Frederick Barcham Leney (29 November 1876 – 25 July 1921) was an English brewery executive and amateur cricketer who played one first-class cricket match for Kent County Cricket Club in 1905.[1]
Leney was born at Wateringbury near Maidstone in Kent in 1876 and was educated at Bradfield College where he was in the school cricket and association football teams.[2][3] He played for Kent's Second XI between 1903 and 1906 and played club cricket for Wateringbury Cricket Club, which he captained,[3] The Mote and for MCC.[4] He made his only Kent First XI appearance in 1905 against Oxford University.[4]
Leney's father Augustus had established the Phoenix Brewery at Wateringbury in 1843 and Frederick, the eldest son, went into the family business after leaving school, becoming a Director by 1911.[3][5] At the outbreak of World War I he joined the British Red Cross as a Red Cross Searcher. He served with the organisation in France and Egypt until December 1916 when he was discharged and returned to run the brewery, his father having died in a hunting accident the previous year.[3][6]

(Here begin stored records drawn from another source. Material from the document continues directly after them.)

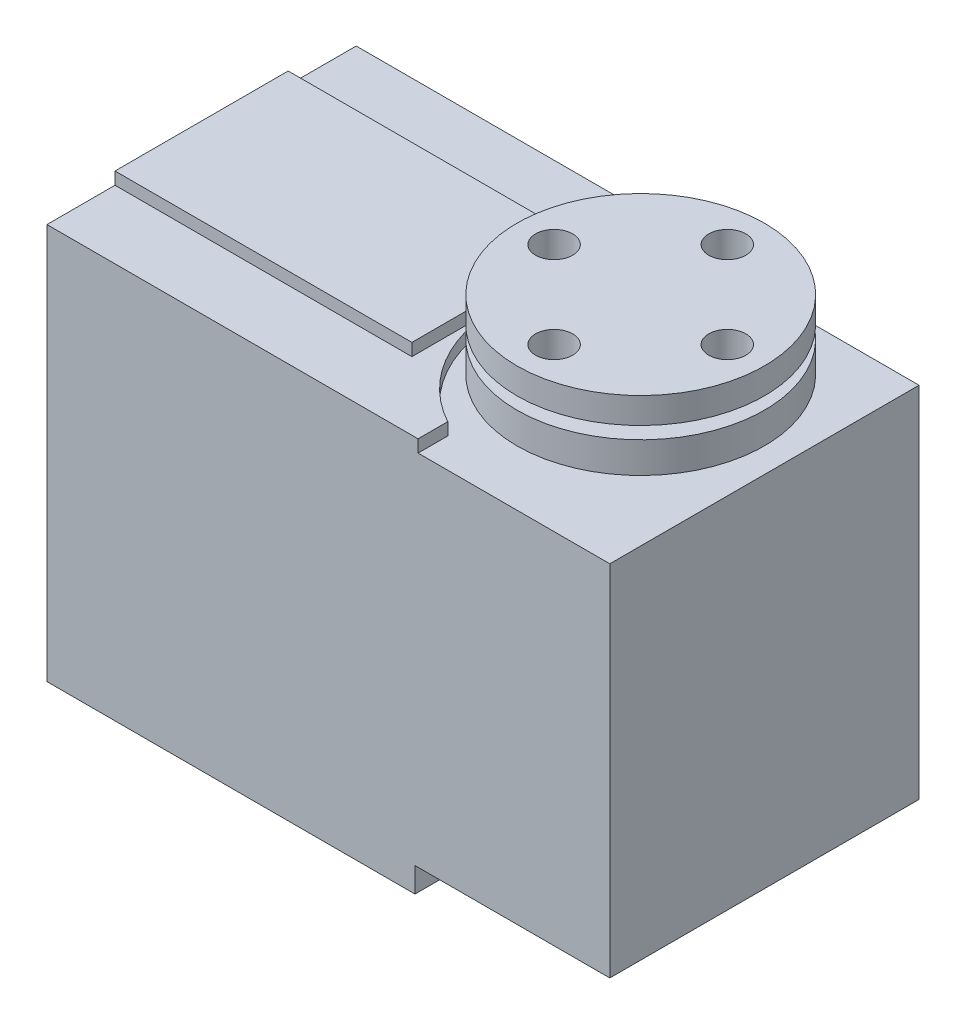
SolidWorks part; units mm, degrees
ref_plane "Front Plane" through (0, 0, 0) normal (0, 0, 1) x (1, 0, 0)
ref_plane "Top Plane" through (0, 0, 0) normal (0, 1, 0) x (1, 0, 0)
ref_plane "Right Plane" through (0, 0, 0) normal (1, 0, 0) x (0, 0, -1)
sketch "Main Body Sketch" plane through (0, 0, 0) normal (0, 1, 0) x (1, 0, 0)
  line L1 (-22.75, 12.5) -> (22.75, 12.5)
  line L2 (-22.75, 12.5) -> (-22.75, -12.5)
  line L3 (-22.75, -12.5) -> (22.75, -12.5)
  line L4 (22.75, 12.5) -> (22.75, -12.5)
  point P4 (0, 12.5)
  point P6 (-22.75, 0)
  dimension "D1" = 45.5
  dimension "D2" = 25
extrude "Main Body Extrusion" add sketch "Main Body Sketch" along normal blind 29
sketch "Sketch2" plane through (0, 29, 0) normal (0, 1, 0) x (1, 0, 0)
  line L0 (-22.75, 12.5) -> (-22.75, -12.5) construction
  line L1 (-22.75, 12.5) -> (7.25, 12.5)
  line L2 (-22.75, 12.5) -> (-22.75, -12.5)
  line L3 (-22.75, -12.5) -> (7.25, -12.5)
  line L4 (7.25, 12.5) -> (7.25, 10.0995)
  line L5 (7.25, -10.0995) -> (7.25, -12.5)
  line L6 (22.75, 12.5) -> (-22.75, 12.5) construction
  line L7 (22.75, -12.5) -> (22.75, 12.5) construction
  arc A1 (7.25, 10.0995) -> (7.25, -10.0995) centre (12.75, 0) ccw
  point P14 (22.75, 0)
  dimension "D1" = 11.5
  dimension "D2" = 30
  dimension "D3" = 10
extrude "Boss-Extrude3" add sketch "Sketch2" along normal blind 1
sketch "Sketch8" plane through (0, 30, 0) normal (0, 1, 0) x (1, 0, 0)
  line L0 (-22.75, 12.5) -> (-22.75, -12.5) construction
  line L1 (-22.75, 7) -> (1.25, 7)
  line L2 (-22.75, 7) -> (-22.75, -7)
  line L3 (-22.75, -7) -> (1.25, -7)
  line L4 (1.25, 7) -> (1.25, -7)
  arc A0 (7.25, 10.0995) -> (7.25, -10.0995) centre (12.75, 0) ccw construction
  point P6 (-22.75, 0)
  point P7 (1.25, 0)
  dimension "D1" = 14
extrude "Boss-Extrude8" add sketch "Sketch8" along normal blind 1
sketch "Sketch3" plane through (0, 29, 0) normal (0, 1, 0) x (1, 0, 0)
  line L0 (22.75, -12.5) -> (22.75, 12.5) construction
  circle A0 centre (12.75, 0) radius 2.25
  point P5 (22.75, 0)
  dimension "D2" = 4.5
  dimension "D1" = 10
extrude "Boss-Extrude4" add sketch "Sketch3" along normal blind 2
sketch "Sketch4" plane through (0, 0, 0) normal (0, -1, 0) x (1, 0, 0)
  line L0 (22.75, 12.5) -> (22.75, -12.5) construction
  line L1 (0, 12.5) -> (0, -12.5) construction
  line L2 (-22.75, 12.5) -> (22.75, 12.5) construction
  line L3 (22.75, -12.5) -> (-22.75, -12.5) construction
  circle A0 centre (12.5, 0) radius 3
  circle A1 centre (12.5, 0) radius 1.25
  point P4 (22.75, 0)
  dimension "D1" = 6
  dimension "D3" = 2.5
  dimension "D2" = 12.5
sketch "Sketch5" plane through (0, 0, 0) normal (0, -1, 0) x (1, 0, 0)
  line L0 (-22.75, -12.5) -> (-22.75, 12.5) construction
  line L1 (-22.75, 12.5) -> (-4, 12.5)
  line L2 (-22.75, 12.5) -> (-22.75, -12.5)
  line L3 (-22.75, -12.5) -> (-4, -12.5)
  line L4 (-4, 12.5) -> (-4, -12.5)
  line L5 (-22.75, 12.5) -> (22.75, 12.5) construction
  line L6 (1, 10) -> (1, 6.5)
  line L7 (-4, 12.5) -> (7, 12.5)
  line L8 (-4, 12.5) -> (-4, 10)
  line L9 (-4, 10) -> (1, 10)
  line L10 (7, 12.5) -> (7, 10)
  line L11 (1, 6.5) -> (3.5, 6.5)
  line L12 (3.5, 6.5) -> (7, 10)
  line L13 (-20.9143, 0) -> (8.4235, 0) construction
  line L14 (3.5, -6.5) -> (7, -10)
  line L15 (1, -6.5) -> (3.5, -6.5)
  line L16 (7, -12.5) -> (7, -10)
  line L17 (-4, -10) -> (1, -10)
  line L18 (-4, -12.5) -> (7, -12.5)
  line L19 (1, -10) -> (1, -6.5)
  line L21 (22.75, 12.5) -> (22.75, -12.5) construction
  point P6 (-22.75, 0)
  point P7 (-22.75, 0)
  line M7 (-22.75, -12.5) -> (22.75, -12.5)
  line M9 (22.75, 12.5) -> (-22.75, 12.5)
  dimension "D1" = 18.75
  dimension "D3" = 11
  dimension "D4" = 2.5
  dimension "D5" = 3.5
  dimension "D6" = 2.5
  dimension "D7" = 21.75
sketch "Sketch6" plane through (0, 31, 0) normal (0, 1, 0) x (1, 0, 0)
  circle A0 centre (12.75, 0) radius 10
  circle A1 centre (12.75, 0) radius 2.25 construction
  dimension "D1" = 20
extrude "Boss-Extrude7" add sketch "Sketch6" along normal blind 2.5
sketch "Sketch7" plane through (0, 33.5, 0) normal (0, 1, 0) x (1, 0, 0)
  line L0 (12.75, 0) -> (12.75, 7) construction
  line L1 (5.75, 0) -> (12.75, 0) construction
  circle A0 centre (12.75, 0) radius 10 construction
  circle A1 centre (12.75, 7) radius 1.5
  circle A2 centre (12.75, -7) radius 1.5
  circle A3 centre (5.75, 0) radius 1.5
  circle A4 centre (19.75, 0) radius 1.5
  dimension "D2" = 3
  dimension "D1" = 7
extrude "Cut-Extrude1" cut sketch "Sketch7" against normal blind 2
sketch "Sketch10" plane through (0, 33.5, 0) normal (0, 1, 0) x (1, 0, 0)
  circle A0 centre (12.75, 0) radius 2.25
  circle A1 centre (12.75, 0) radius 10 construction
  dimension "D1" = 4.5
extrude "Boss-Extrude12" add sketch "Sketch10" along normal blind 1
sketch "Sketch11" plane through (0, 34.5, 0) normal (0, 1, 0) x (1, 0, 0)
  circle A0 centre (12.75, 0) radius 10
  circle A1 centre (12.75, 0) radius 2.25 construction
  dimension "D1" = 20
extrude "Boss-Extrude13" add sketch "Sketch11" along normal blind 2.1
sketch "Sketch13" plane through (0, 36.6, 0) normal (0, 1, 0) x (1, 0, 0)
  line L0 (12.75, 0) -> (5.75, 0) construction
  line L1 (12.75, 7) -> (12.75, 0) construction
  circle A0 centre (12.75, 0) radius 10 construction
  circle A1 centre (12.75, 7) radius 1.5
  circle A2 centre (5.75, 0) radius 1.5
  circle A3 centre (12.75, -7) radius 1.5
  circle A4 centre (19.75, 0) radius 1.5
  dimension "D1" = 3
  dimension "D2" = 7
extrude "Cut-Extrude3" cut sketch "Sketch13" against normal blind 2.1
extrude "Boss-Extrude9" add sketch "Sketch5" along normal blind 2 contours L11 L12 L10 L4 L9 L6 M9 | L13 L2 L4 M7 | L19 L17 L4 L16 L14 L15 M7
sketch "Sketch9" plane through (0, 0, 0) normal (0, -1, 0) x (1, 0, 0)
  line L1 (1, 10) -> (-4, 10)
  line L2 (1, 10) -> (1, -10)
  line L3 (1, -10) -> (-4, -10)
  line L4 (-4, 10) -> (-4, -10)
extrude "Cut-Extrude2" cut sketch "Sketch9" against normal blind 5
extrude "Boss-Extrude10" add sketch "Sketch4" along normal blind 4.1
sketch "Sketch14" plane through (0, -2, 0) normal (0, -1, 0) x (1, 0, 0)
  line L0 (-4, 10) -> (-4, -10) construction
  line L1 (-4, 8.9073) -> (-17.5, 8.9073)
  line L2 (-4, 8.9073) -> (-4, -8.9488)
  line L3 (-4, -8.9488) -> (-17.5, -8.9488)
  line L4 (-17.5, 8.9073) -> (-17.5, -8.9488)
  dimension "D1" = 13.5
extrude "Boss-Extrude14" add sketch "Sketch14" along normal blind 2

Leney died suddenly at the Railway Hotel in Galway in July 1921 aged 44.[3][7][8] His uncle, Herbert, played four first-class matches for Kent.[9] The family business, which had been renamed Frederick Leney & Sons in 1896, was taken over by Whitbread in 1927 and then by Fremlin's Brewery in the 1960s.[10] It operated until 1981, although the site has since been used as a distribution depot for Whitbread.[11][12]